Senonchè, poi, se fino a questo punto la tutela dei diritti e dei doveri dei genitori in condizioni di parità, nel generale contesto dei diritti della famiglia, lascia intravedere anche l'interesse tutt'altro che secondario dei figli minori, con il secondo comma dell'art. 31 la protezione dell'infanzia emerge in primo piano come valore centrale, e con essa gli istituti necessari a quella protezione.

L'articolo impugnato è, invece, particolarmente carente proprio sotto tale profilo, perchè, precludendo all'infante la possibilità di ricevere l'assistenza del padre detenuto, quando la madre si trovi nell'assoluta impossibilità d i provvedere, vi o la direttamente anche la protezione costituzionale che l'art. 31 accorda all'infanzia, particolarmente in quanto non prevede, in tale caso e a tale scopo, la detenzione domiciliare anche per il padre.

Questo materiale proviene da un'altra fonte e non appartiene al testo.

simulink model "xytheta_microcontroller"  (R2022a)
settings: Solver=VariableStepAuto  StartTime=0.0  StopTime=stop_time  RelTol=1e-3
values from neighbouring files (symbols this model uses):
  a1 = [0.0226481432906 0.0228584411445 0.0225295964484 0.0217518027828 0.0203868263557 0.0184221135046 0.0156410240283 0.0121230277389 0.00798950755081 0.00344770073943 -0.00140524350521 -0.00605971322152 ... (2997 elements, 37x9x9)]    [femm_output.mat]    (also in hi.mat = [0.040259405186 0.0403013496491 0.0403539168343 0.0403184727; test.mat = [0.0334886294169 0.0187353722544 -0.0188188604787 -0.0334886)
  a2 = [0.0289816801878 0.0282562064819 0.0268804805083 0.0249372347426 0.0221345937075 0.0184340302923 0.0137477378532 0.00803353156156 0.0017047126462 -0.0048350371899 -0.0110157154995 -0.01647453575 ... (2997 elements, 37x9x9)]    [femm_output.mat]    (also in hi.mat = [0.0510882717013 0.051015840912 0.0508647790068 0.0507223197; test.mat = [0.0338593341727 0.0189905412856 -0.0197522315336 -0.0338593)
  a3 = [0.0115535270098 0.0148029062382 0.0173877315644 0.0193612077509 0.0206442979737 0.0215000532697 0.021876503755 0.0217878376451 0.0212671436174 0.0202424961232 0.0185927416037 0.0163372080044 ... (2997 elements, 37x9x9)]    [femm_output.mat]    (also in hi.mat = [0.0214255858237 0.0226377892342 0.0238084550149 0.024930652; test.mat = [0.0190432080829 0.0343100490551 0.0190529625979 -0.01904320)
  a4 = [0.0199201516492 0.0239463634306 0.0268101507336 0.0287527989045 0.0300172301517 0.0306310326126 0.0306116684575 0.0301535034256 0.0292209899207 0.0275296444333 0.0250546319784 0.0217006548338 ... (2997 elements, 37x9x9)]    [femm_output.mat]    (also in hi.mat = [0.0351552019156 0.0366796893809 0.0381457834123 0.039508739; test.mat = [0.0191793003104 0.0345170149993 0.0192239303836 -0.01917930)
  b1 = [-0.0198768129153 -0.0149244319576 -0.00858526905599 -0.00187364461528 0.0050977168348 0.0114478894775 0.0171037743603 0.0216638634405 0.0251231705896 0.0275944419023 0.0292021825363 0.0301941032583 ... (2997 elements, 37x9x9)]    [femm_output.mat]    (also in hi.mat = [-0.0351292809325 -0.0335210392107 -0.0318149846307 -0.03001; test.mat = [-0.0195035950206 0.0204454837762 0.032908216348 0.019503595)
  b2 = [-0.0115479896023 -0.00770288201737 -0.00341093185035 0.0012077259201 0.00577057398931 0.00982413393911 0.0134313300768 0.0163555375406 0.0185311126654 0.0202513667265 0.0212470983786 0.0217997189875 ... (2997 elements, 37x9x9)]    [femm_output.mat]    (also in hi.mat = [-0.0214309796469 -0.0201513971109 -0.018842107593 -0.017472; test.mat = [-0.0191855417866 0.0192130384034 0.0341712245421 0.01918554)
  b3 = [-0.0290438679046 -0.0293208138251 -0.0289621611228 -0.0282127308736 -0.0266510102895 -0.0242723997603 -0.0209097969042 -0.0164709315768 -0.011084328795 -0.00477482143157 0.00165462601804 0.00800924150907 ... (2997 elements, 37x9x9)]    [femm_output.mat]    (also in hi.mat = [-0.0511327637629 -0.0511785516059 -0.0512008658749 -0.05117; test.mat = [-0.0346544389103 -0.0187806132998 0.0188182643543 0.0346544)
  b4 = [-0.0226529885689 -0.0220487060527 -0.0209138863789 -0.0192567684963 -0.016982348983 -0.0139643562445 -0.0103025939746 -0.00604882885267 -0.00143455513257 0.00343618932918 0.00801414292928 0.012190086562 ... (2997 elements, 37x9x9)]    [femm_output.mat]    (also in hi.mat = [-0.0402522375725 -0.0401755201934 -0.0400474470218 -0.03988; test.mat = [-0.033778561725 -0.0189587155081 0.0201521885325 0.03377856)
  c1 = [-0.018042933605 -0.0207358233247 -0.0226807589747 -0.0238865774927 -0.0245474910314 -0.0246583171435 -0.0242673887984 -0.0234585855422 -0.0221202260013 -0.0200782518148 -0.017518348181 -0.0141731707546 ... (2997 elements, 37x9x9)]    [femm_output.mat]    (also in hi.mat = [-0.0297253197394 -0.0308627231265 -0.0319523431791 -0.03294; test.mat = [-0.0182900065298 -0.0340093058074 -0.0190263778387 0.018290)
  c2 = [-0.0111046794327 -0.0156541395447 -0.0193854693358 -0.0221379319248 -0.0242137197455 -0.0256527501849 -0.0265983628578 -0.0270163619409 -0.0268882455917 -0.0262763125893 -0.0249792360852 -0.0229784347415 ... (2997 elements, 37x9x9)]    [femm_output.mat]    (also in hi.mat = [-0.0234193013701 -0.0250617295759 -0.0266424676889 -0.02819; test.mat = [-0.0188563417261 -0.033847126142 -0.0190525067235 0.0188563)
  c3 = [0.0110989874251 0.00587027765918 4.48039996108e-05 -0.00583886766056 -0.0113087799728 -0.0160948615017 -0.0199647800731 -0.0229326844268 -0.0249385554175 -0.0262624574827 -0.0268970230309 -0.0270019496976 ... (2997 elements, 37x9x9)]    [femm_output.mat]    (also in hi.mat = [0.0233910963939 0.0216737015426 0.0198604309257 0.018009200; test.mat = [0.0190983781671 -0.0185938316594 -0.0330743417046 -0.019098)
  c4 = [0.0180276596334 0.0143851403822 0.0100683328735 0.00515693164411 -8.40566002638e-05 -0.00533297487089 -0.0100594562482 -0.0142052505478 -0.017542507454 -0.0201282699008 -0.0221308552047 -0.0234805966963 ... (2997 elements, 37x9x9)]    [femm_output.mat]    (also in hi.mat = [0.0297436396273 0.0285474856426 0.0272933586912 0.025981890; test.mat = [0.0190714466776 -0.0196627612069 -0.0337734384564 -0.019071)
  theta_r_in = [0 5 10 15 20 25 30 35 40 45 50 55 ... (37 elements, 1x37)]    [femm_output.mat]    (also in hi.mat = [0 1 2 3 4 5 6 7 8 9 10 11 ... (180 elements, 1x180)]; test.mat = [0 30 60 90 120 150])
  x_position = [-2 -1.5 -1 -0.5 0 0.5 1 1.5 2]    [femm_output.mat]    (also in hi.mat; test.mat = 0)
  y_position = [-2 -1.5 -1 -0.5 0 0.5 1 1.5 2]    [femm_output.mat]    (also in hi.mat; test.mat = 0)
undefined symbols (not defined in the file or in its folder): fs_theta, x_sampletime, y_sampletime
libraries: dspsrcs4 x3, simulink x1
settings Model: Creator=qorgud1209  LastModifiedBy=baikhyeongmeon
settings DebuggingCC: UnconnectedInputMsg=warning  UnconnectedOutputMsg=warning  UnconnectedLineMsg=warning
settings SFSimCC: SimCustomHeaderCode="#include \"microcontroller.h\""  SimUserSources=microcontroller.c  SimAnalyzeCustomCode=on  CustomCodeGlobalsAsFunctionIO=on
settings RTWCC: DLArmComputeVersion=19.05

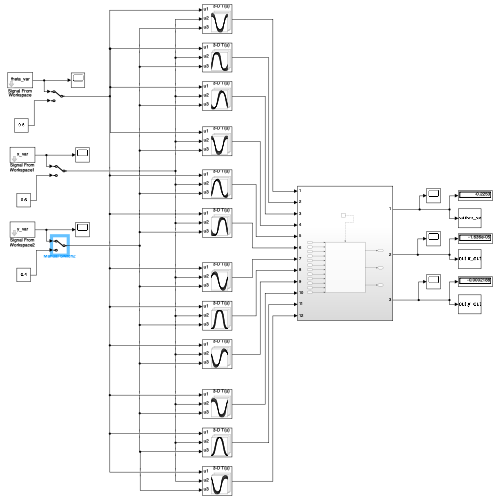
[thumbnail: Simulink's stored preview of the top-level diagram]
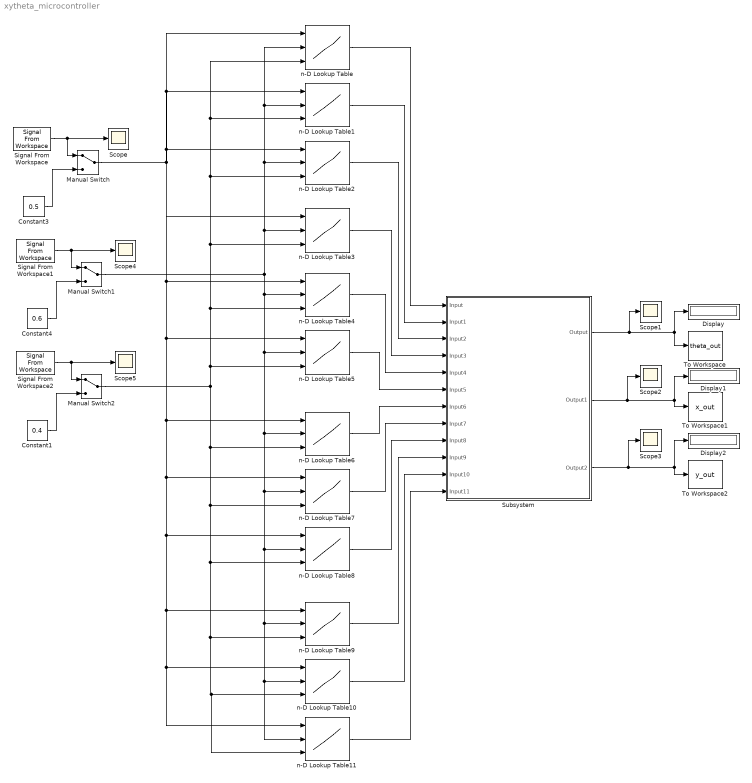
== system xytheta_microcontroller ==
  Constant1 : Constant  Value=0.4
  Constant3 : Constant  Value=0.5
  Constant4 : Constant  Value=0.6
  Display : Display
  Display1 : Display
  Display2 : Display
  Manual Switch : ManualSwitch
  Manual Switch1 : ManualSwitch
  Manual Switch2 : ManualSwitch
  Scope{,1..5} (6 alike) : Scope
  Signal From Workspace : dspsrcs4/Signal From Workspace  X=theta_var  Ts=1/fs_theta  nsamps=numframe_theta  OutputAfterFinalValue=Setting to zero  ignoreOrWarnInputAndFrameLengths=off  OutputFrames=off
  Signal From Workspace1 : dspsrcs4/Signal From Workspace  X=x_var  Ts=x_sampletime  nsamps=1  OutputAfterFinalValue=Setting to zero  ignoreOrWarnInputAndFrameLengths=off  OutputFrames=off
  Signal From Workspace2 : dspsrcs4/Signal From Workspace  X=y_var  Ts=y_sampletime  nsamps=1  OutputAfterFinalValue=Setting to zero  ignoreOrWarnInputAndFrameLengths=off  OutputFrames=off
  Subsystem : Subsystem
  To Workspace : ToWorkspace  VariableName=theta_out  SampleTime=-1
      settings: Save2DSignal=2-D array (concatenate along first dimension)
  To Workspace1 : ToWorkspace  VariableName=x_out  SampleTime=-1
      settings: Save2DSignal=2-D array (concatenate along first dimension)
  To Workspace2 : ToWorkspace  VariableName=y_out  SampleTime=-1
      settings: Save2DSignal=2-D array (concatenate along first dimension)
  n-D Lookup Table : Lookup_n-D  NumberOfTableDimensions=3  BreakpointsForDimension1=theta_r_in  BreakpointsForDimension2=x_position  BreakpointsForDimension3=y_position  Table=a1  InternalRulePriority=Speed  RndMeth=Simplest
      settings: InputPortMap=u0,u1,u2
  n-D Lookup Table1 : Lookup_n-D  NumberOfTableDimensions=3  BreakpointsForDimension1=theta_r_in  BreakpointsForDimension2=x_position  BreakpointsForDimension3=y_position  Table=b1  InternalRulePriority=Speed  RndMeth=Simplest
      settings: InputPortMap=u0,u1,u2
  n-D Lookup Table10 : Lookup_n-D  NumberOfTableDimensions=3  BreakpointsForDimension1=theta_r_in  BreakpointsForDimension2=x_position  BreakpointsForDimension3=y_position  Table=b4  InternalRulePriority=Speed  RndMeth=Simplest
      settings: InputPortMap=u0,u1,u2
  n-D Lookup Table11 : Lookup_n-D  NumberOfTableDimensions=3  BreakpointsForDimension1=theta_r_in  BreakpointsForDimension2=x_position  BreakpointsForDimension3=y_position  Table=c4  InternalRulePriority=Speed  RndMeth=Simplest
      settings: InputPortMap=u0,u1,u2
  n-D Lookup Table2 : Lookup_n-D  NumberOfTableDimensions=3  BreakpointsForDimension1=theta_r_in  BreakpointsForDimension2=x_position  BreakpointsForDimension3=y_position  Table=c1  InternalRulePriority=Speed  RndMeth=Simplest
      settings: InputPortMap=u0,u1,u2
  n-D Lookup Table3 : Lookup_n-D  NumberOfTableDimensions=3  BreakpointsForDimension1=theta_r_in  BreakpointsForDimension2=x_position  BreakpointsForDimension3=y_position  Table=a2  InternalRulePriority=Speed  RndMeth=Simplest
      settings: InputPortMap=u0,u1,u2
  n-D Lookup Table4 : Lookup_n-D  NumberOfTableDimensions=3  BreakpointsForDimension1=theta_r_in  BreakpointsForDimension2=x_position  BreakpointsForDimension3=y_position  Table=b2  InternalRulePriority=Speed  RndMeth=Simplest
      settings: InputPortMap=u0,u1,u2
  n-D Lookup Table5 : Lookup_n-D  NumberOfTableDimensions=3  BreakpointsForDimension1=theta_r_in  BreakpointsForDimension2=x_position  BreakpointsForDimension3=y_position  Table=c2  InternalRulePriority=Speed  RndMeth=Simplest
      settings: InputPortMap=u0,u1,u2
  n-D Lookup Table6 : Lookup_n-D  NumberOfTableDimensions=3  BreakpointsForDimension1=theta_r_in  BreakpointsForDimension2=x_position  BreakpointsForDimension3=y_position  Table=a3  InternalRulePriority=Speed  RndMeth=Simplest
      settings: InputPortMap=u0,u1,u2
  n-D Lookup Table7 : Lookup_n-D  NumberOfTableDimensions=3  BreakpointsForDimension1=theta_r_in  BreakpointsForDimension2=x_position  BreakpointsForDimension3=y_position  Table=b3  InternalRulePriority=Speed  RndMeth=Simplest
      settings: InputPortMap=u0,u1,u2
  n-D Lookup Table8 : Lookup_n-D  NumberOfTableDimensions=3  BreakpointsForDimension1=theta_r_in  BreakpointsForDimension2=x_position  BreakpointsForDimension3=y_position  Table=c3  InternalRulePriority=Speed  RndMeth=Simplest
      settings: InputPortMap=u0,u1,u2
  n-D Lookup Table9 : Lookup_n-D  NumberOfTableDimensions=3  BreakpointsForDimension1=theta_r_in  BreakpointsForDimension2=x_position  BreakpointsForDimension3=y_position  Table=a4  InternalRulePriority=Speed  RndMeth=Simplest
      settings: InputPortMap=u0,u1,u2
  wires:
  Manual Switch/1 -> n-D Lookup Table11/1, n-D Lookup Table10/1, n-D Lookup Table9/1, n-D Lookup Table8/1, n-D Lookup Table7/1, n-D Lookup Table6/1, n-D Lookup Table5/1, n-D Lookup Table4/1, n-D Lookup Table/1, n-D Lookup Table1/1, n-D Lookup Table3/1, n-D Lookup Table2/1
  Manual Switch2/1 -> n-D Lookup Table4/3, n-D Lookup Table3/3, n-D Lookup Table1/3, n-D Lookup Table/3, n-D Lookup Table2/3, n-D Lookup Table5/3, n-D Lookup Table6/3, n-D Lookup Table7/3, n-D Lookup Table8/3, n-D Lookup Table11/3, n-D Lookup Table10/3, n-D Lookup Table9/3
  Manual Switch1/1 -> n-D Lookup Table3/2, n-D Lookup Table1/2, n-D Lookup Table/2, n-D Lookup Table2/2, n-D Lookup Table4/2, n-D Lookup Table6/2, n-D Lookup Table9/2, n-D Lookup Table11/2, n-D Lookup Table10/2, n-D Lookup Table8/2, n-D Lookup Table7/2, n-D Lookup Table5/2
  n-D Lookup Table/1 -> Subsystem/1(Input)
  n-D Lookup Table1/1 -> Subsystem/2(Input1)
  Subsystem/1(Output) -> Scope1/1, To Workspace/1, Display/1
  Subsystem/2(Output1) -> Scope2/1, To Workspace1/1, Display1/1
  n-D Lookup Table2/1 -> Subsystem/3(Input2)
  n-D Lookup Table3/1 -> Subsystem/4(Input3)
  n-D Lookup Table4/1 -> Subsystem/5(Input4)
  n-D Lookup Table5/1 -> Subsystem/6(Input5)
  n-D Lookup Table6/1 -> Subsystem/7(Input6)
  n-D Lookup Table7/1 -> Subsystem/8(Input7)
  n-D Lookup Table8/1 -> Subsystem/9(Input8)
  n-D Lookup Table9/1 -> Subsystem/10(Input9)
  n-D Lookup Table10/1 -> Subsystem/11(Input10)
  n-D Lookup Table11/1 -> Subsystem/12(Input11)
  Signal From Workspace/1 -> Manual Switch/1, Scope/1
  Constant3/1 -> Manual Switch/2
  Subsystem/3(Output2) -> Scope3/1, To Workspace2/1, Display2/1
  Signal From Workspace1/1 -> Scope4/1, Manual Switch1/1
  Constant4/1 -> Manual Switch1/2
  Signal From Workspace2/1 -> Scope5/1, Manual Switch2/1
  Constant1/1 -> Manual Switch2/2

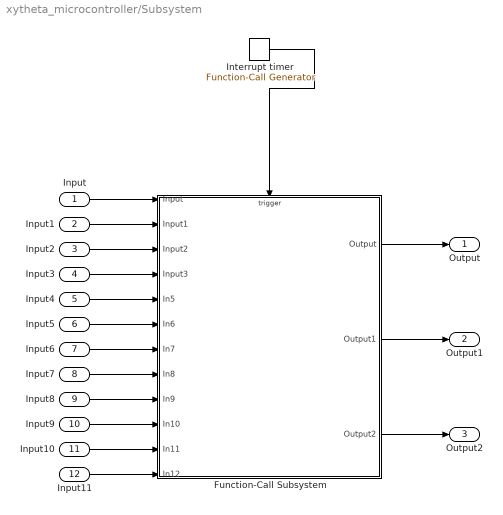
== system xytheta_microcontroller/Subsystem ==
  Input : Inport
  Input1 : Inport  Port=2
  Input2 : Inport  Port=3
  Input3 : Inport  Port=4
  Input4 : Inport  Port=5
  Input5 : Inport  Port=6
  Input6 : Inport  Port=7
  Input7 : Inport  Port=8
  Input8 : Inport  Port=9
  Input9 : Inport  Port=10
  Input10 : Inport  Port=11
  Input11 : Inport  Port=12
  Function-Call Subsystem : Subsystem  TreatAsAtomicUnit=on
  Interrupt timer : simulink/Ports & Subsystems/Function-Call Generator  sample_time=Ts  numberOfIterations=1  DisallowWideOutput=off
  Output : Outport
  Output1 : Outport  Port=2
  Output2 : Outport  Port=3
  wires:
  Interrupt timer/1 -> Function-Call Subsystem/Trigger
  Input/1 -> Function-Call Subsystem/1(Input)
  Input1/1 -> Function-Call Subsystem/2(Input1)
  Input2/1 -> Function-Call Subsystem/3(Input2)
  Input3/1 -> Function-Call Subsystem/4(Input3)
  Input5/1 -> Function-Call Subsystem/6(In6)
  Input4/1 -> Function-Call Subsystem/5(In5)
  Input6/1 -> Function-Call Subsystem/7(In7)
  Input7/1 -> Function-Call Subsystem/8(In8)
  Input9/1 -> Function-Call Subsystem/10(In10)
  Input8/1 -> Function-Call Subsystem/9(In9)
  Input10/1 -> Function-Call Subsystem/11(In11)
  Input11/1 -> Function-Call Subsystem/12(In12)
  Function-Call Subsystem/1(Output) -> Output/1
  Function-Call Subsystem/2(Output1) -> Output1/1
  Function-Call Subsystem/3(Output2) -> Output2/1

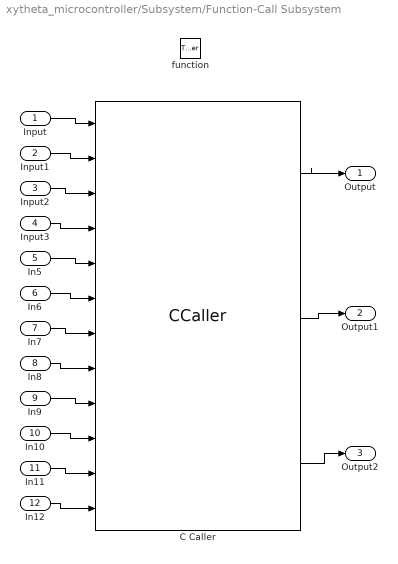
== system xytheta_microcontroller/Subsystem/Function-Call Subsystem ==
  Input : Inport
  Input1 : Inport  Port=2
  Input2 : Inport  Port=3
  Input3 : Inport  Port=4
  In5 : Inport  Port=5
  In6 : Inport  Port=6
  In7 : Inport  Port=7
  In8 : Inport  Port=8
  In9 : Inport  Port=9
  In10 : Inport  Port=10
  In11 : Inport  Port=11
  In12 : Inport  Port=12
  function : TriggerPort  TriggerType=function-call  VariantControl=(inherit)
  C Caller : CCaller  FunctionName=microcontroller  PortSpecificationStruct="%)30     .    \"!D   8    (     @         %    \"     \\    !     0         %  0 \"0    $    _    07)G3F%M90  4&]R=$YA;64 4V-O<&4     26YD97@     5'EP90      4VEZ90      27-';&]B86P   X    P    !@    @    $          4    (     0    0    !         !  ! !A9&,Q#@   #     &    \"     0         !0    @    !    !     $         $  $ &%D8S$.    .     8    (    !          %    \"     $    %     0         0 ...(+8273 chars)"
  Output : Outport  OutDataTypeStr=double
  Output1 : Outport  Port=2  OutDataTypeStr=double
  Output2 : Outport  Port=3  OutDataTypeStr=double
  wires:
  Input/1 -> C Caller/1
  Input1/1 -> C Caller/2
  Input2/1 -> C Caller/3
  In6/1 -> C Caller/6
  In5/1 -> C Caller/5
  Input3/1 -> C Caller/4
  In7/1 -> C Caller/7
  In8/1 -> C Caller/8
  In9/1 -> C Caller/9
  In10/1 -> C Caller/10
  In11/1 -> C Caller/11
  In12/1 -> C Caller/12
  C Caller/1 -> Output/1
  C Caller/2 -> Output1/1
  C Caller/3 -> Output2/1

Principi tutti che, vuoi di per se stessi, vuoi in correlazione a quello di eguaglianza, la Corte, del resto, ha già solennemente riaffermato in analoghe situazioni, anche considerando la rilevante influenza che essi hanno esercitato sui nuovi profili del diritto di famiglia; con essi sono stati conferiti ad entrambi i genitori quei compiti di mantenimento, educazione ed istruzione di cui parla l'art. 143 del codice civile, o è stata stabilita per entrambi, in condizioni di parità, la potestà sui figli (art. 316 del codice civile), o infine affidata a ciascuno di loro, in caso di assenza o assoluto impedimento dell'altro, la titolarità esclusiva della detta potestà (art. 317 del codice civile).

Si tratta di valori costituzionali già trasfusi nella legge del lavoro (confronta art. 7 della legge 31 dicembre 1977, n. 903 che ha concesso anche al padre l'astensione facoltativa dal lavoro, che la legge n. 1204 del 1971 prevedeva soltanto per la madre durante il primo anno di vita del bambino), che la Corte ha esteso ad altri diritti (astensione obbligatoria dal lavoro e <riposi>), sempre nell'ipotesi in cui la madre o non ci fosse o fosse comunque impossibilitata a prestare assistenza al neonato (sentenza 19 gennaio 1987, n. 1).

La stessa ratio costituzionale che ha ispirato alla Corte le dette estensioni deve ora giustificare, in analoga situazione, l'estensione al padre della provvidenza della detenzione domiciliare, quando la madre sia assolutamente impossibilitata a dare assistenza al neonato nei primi mesi di vita.

PER QUESTI MOTIVI

LA CORTE COSTITUZIONALE

dichiara l'illegittimità costituzionale dell'art. 47-ter, primo comma, n. 1, della legge 26 luglio 1975, n. 354 (Norme sull'ordinamento penitenziario e sulla esecuzione delle misure privative e limitative della libertà), così come aggiunto dall'art. 13 della legge 10 ottobre 1986, n. 663 (Modifiche alla legge sull'ordinamento penitenziario e sulla esecuzione delle misure privative e limitative della libertà), nella parte in cui non prevede che la detenzione domiciliare, concedibile alla madre di prole di età inferiore a tre anni con lei convivente, possa essere concessa, nelle stesse condizioni, anche al padre detenuto, qualora la madre sia deceduta o altrimenti assolutamente impossibilitata a dare assistenza alla prole.

Così deciso in Roma, nella sede della Corte costituzionale, Palazzo della Consulta, il 04/04/90.

Francesco SAJA, PRESIDENTE

Ettore GALLO, REDATTORE

Depositata in cancelleria il 13/04/90.